-- Task data follows --

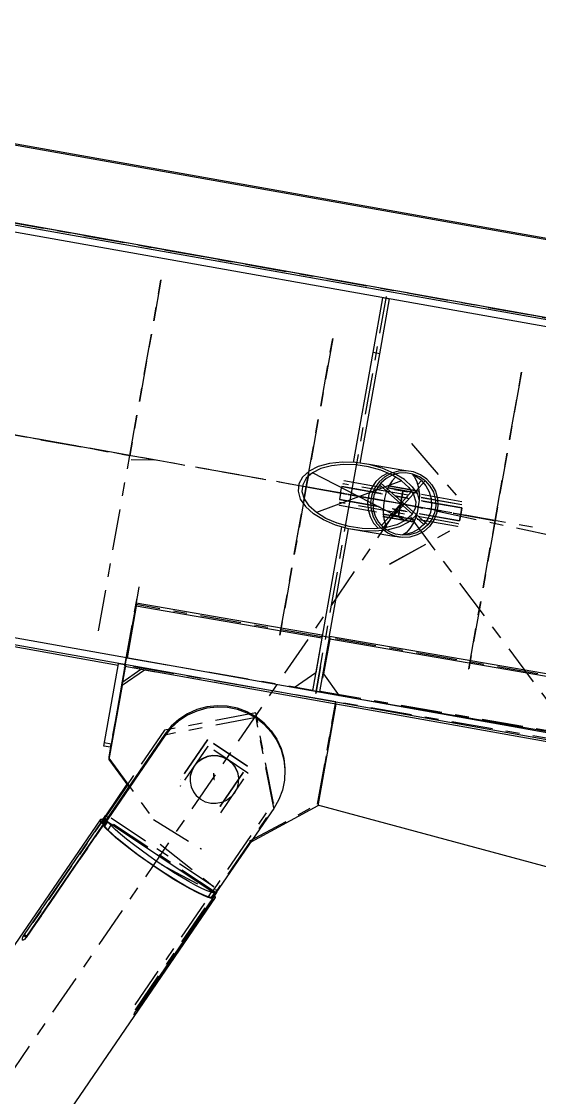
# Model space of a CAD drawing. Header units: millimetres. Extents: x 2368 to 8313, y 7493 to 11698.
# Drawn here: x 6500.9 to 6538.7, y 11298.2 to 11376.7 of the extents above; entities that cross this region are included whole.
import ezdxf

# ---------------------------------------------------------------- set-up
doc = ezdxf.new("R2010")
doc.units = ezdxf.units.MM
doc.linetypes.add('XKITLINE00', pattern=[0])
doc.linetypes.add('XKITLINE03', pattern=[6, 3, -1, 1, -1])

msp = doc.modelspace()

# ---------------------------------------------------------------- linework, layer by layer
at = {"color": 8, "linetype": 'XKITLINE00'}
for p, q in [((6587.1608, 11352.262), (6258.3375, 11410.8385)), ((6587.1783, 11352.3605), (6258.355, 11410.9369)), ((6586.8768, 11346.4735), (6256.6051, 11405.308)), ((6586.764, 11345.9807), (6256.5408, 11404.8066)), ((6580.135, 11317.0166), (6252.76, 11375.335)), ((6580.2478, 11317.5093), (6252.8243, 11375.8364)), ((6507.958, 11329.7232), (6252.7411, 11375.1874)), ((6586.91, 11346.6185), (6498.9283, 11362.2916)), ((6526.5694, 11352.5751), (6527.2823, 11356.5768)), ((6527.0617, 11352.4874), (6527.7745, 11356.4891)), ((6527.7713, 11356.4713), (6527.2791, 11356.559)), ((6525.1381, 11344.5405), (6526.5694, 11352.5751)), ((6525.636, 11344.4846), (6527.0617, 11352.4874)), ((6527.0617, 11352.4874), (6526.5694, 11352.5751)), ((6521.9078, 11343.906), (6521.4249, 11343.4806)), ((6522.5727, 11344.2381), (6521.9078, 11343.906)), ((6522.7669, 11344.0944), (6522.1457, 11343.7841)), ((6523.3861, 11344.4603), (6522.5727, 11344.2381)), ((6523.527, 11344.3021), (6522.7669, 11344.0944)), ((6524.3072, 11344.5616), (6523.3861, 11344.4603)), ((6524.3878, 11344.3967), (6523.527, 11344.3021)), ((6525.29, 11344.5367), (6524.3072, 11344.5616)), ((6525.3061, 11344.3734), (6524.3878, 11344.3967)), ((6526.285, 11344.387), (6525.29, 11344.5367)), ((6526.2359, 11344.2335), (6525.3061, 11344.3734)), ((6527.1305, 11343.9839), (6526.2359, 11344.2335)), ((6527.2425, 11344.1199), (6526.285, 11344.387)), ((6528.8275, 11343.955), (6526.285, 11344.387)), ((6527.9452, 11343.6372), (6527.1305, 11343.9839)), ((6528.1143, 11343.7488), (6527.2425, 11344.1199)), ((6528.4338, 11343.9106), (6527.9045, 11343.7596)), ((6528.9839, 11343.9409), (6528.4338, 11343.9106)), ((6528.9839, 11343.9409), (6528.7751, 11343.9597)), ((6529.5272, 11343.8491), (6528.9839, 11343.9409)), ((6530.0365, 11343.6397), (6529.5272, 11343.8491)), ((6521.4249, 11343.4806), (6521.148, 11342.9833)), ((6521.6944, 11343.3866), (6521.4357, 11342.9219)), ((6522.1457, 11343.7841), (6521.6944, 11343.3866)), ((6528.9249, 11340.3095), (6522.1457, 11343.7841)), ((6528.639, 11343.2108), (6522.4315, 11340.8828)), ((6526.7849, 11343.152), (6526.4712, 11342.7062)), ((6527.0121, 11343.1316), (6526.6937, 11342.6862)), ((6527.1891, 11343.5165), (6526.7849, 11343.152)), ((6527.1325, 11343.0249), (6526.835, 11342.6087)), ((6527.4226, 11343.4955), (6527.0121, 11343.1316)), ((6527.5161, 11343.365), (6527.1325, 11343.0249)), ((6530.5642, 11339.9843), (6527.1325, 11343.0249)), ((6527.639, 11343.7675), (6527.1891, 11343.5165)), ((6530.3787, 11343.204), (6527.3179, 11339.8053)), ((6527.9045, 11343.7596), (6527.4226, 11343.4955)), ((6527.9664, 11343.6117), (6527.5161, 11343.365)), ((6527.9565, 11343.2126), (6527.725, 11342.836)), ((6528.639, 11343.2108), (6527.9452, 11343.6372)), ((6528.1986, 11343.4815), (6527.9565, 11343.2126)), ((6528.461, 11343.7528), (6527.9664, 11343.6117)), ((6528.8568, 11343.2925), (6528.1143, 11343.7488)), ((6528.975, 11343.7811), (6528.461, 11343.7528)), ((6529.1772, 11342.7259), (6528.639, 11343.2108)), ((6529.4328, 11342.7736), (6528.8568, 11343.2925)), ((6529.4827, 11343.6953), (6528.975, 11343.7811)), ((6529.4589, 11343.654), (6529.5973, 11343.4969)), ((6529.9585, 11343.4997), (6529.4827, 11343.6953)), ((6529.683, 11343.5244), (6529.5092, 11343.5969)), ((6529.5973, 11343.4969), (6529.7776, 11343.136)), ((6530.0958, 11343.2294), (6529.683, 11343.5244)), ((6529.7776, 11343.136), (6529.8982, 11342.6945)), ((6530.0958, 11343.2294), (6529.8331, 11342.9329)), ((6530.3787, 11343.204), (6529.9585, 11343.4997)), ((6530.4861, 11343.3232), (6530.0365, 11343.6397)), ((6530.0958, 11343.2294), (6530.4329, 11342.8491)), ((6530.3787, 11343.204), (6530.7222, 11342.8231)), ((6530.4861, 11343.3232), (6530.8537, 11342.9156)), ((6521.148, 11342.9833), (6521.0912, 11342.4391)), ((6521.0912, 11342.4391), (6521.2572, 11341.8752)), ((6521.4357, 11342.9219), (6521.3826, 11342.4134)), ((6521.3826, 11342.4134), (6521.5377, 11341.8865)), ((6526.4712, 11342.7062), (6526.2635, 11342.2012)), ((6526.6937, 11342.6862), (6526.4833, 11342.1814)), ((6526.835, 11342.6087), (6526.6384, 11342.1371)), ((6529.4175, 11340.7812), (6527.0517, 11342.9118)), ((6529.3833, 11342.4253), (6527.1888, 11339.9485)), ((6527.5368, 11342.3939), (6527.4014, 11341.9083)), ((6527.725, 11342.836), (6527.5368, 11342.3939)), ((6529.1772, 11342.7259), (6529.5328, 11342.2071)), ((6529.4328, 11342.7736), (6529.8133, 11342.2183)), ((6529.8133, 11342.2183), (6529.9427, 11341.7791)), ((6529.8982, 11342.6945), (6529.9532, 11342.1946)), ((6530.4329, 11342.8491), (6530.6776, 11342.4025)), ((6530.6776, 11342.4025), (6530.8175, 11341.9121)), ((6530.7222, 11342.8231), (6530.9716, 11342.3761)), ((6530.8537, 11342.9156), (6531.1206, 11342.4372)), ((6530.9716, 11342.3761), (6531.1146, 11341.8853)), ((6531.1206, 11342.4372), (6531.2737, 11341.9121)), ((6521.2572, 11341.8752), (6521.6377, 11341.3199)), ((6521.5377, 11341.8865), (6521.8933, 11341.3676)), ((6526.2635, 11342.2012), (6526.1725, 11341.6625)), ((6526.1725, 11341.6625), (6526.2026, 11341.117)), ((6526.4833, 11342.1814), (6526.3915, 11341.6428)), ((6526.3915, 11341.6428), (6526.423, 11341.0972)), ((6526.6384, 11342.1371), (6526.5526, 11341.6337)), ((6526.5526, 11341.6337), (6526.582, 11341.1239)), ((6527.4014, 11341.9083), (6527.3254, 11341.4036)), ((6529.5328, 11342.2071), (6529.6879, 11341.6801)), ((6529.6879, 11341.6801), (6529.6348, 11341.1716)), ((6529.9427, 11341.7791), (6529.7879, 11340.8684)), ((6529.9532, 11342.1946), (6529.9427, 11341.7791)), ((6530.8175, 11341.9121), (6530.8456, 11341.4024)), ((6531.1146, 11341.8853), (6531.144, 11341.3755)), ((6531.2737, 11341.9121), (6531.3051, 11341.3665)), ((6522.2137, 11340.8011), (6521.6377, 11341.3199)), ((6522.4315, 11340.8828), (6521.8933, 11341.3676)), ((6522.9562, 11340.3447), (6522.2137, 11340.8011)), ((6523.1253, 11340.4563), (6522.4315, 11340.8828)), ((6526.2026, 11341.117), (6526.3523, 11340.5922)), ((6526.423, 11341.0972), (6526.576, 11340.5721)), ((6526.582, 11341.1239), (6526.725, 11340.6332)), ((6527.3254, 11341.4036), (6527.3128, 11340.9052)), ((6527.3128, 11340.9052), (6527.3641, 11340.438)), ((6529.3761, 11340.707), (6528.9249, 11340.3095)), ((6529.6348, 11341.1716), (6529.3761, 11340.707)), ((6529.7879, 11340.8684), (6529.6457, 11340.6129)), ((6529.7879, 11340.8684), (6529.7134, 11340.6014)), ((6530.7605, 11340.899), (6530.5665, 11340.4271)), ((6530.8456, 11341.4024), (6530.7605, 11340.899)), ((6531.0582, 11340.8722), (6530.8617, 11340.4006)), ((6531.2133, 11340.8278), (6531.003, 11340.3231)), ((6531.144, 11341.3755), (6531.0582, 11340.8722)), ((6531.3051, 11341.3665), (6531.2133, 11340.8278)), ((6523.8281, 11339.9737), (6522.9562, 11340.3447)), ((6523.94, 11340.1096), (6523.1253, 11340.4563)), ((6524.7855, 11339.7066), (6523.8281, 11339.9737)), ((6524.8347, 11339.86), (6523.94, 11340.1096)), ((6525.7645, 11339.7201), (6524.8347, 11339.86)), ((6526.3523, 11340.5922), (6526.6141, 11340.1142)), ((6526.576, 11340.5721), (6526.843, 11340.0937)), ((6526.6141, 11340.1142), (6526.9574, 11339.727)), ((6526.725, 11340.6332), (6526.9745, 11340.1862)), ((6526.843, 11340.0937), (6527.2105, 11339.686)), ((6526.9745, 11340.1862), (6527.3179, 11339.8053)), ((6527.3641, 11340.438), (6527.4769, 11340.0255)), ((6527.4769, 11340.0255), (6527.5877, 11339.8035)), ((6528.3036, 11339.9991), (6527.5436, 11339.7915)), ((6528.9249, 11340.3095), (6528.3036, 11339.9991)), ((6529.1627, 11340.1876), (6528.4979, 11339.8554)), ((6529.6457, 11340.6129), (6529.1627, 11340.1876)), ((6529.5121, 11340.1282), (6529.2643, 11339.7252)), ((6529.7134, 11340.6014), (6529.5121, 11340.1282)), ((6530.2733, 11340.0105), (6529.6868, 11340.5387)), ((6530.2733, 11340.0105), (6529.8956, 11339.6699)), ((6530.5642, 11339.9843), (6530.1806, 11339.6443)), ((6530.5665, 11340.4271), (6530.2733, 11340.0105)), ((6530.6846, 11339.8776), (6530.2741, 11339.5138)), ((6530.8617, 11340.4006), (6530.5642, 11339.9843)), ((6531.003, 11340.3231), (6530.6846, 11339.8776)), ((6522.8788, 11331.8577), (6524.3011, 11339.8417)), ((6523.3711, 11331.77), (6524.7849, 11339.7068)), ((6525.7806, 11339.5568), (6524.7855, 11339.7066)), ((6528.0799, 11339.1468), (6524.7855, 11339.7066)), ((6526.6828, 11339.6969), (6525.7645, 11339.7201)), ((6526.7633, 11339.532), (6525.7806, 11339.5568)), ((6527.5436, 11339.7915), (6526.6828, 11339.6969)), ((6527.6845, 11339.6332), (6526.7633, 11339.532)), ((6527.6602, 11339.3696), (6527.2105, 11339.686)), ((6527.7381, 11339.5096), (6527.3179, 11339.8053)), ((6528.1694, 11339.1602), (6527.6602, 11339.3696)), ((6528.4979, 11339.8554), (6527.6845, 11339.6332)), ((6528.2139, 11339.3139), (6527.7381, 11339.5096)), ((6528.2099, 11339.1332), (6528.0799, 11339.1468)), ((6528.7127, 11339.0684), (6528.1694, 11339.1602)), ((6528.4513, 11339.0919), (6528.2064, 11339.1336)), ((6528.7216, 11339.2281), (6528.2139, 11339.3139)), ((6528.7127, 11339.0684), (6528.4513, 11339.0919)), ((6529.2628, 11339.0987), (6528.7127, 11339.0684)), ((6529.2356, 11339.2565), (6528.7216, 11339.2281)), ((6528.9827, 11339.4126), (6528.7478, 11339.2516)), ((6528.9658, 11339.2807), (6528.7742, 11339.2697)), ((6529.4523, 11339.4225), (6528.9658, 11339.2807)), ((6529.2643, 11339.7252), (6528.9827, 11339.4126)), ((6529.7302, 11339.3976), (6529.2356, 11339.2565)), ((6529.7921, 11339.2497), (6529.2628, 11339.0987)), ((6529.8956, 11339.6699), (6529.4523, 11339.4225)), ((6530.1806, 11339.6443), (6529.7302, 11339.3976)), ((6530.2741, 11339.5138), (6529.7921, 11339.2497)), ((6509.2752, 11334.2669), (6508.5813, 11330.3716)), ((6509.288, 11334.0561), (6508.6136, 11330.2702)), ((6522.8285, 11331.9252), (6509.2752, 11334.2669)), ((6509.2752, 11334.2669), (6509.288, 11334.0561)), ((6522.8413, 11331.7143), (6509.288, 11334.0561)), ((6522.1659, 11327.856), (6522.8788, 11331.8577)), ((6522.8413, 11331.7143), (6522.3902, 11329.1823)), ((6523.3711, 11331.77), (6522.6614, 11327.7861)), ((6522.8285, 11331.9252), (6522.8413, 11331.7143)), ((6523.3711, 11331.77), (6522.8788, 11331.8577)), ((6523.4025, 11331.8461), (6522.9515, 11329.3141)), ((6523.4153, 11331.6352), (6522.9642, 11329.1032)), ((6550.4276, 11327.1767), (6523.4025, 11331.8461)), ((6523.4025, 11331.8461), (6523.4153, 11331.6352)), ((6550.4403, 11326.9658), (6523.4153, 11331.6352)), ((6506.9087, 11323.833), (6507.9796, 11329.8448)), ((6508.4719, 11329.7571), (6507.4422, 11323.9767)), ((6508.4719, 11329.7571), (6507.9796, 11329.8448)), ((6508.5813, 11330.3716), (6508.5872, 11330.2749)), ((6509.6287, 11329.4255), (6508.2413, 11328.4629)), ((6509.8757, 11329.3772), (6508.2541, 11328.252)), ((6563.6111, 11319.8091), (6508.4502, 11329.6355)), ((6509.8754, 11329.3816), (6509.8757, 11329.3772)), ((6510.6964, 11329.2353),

-- Task data concluded --

Aim of the exercise:
Return each line above where the word "pattern" shows up.

Written solution:
doc.linetypes.add('XKITLINE00', pattern=[0])
doc.linetypes.add('XKITLINE03', pattern=[6, 3, -1, 1, -1])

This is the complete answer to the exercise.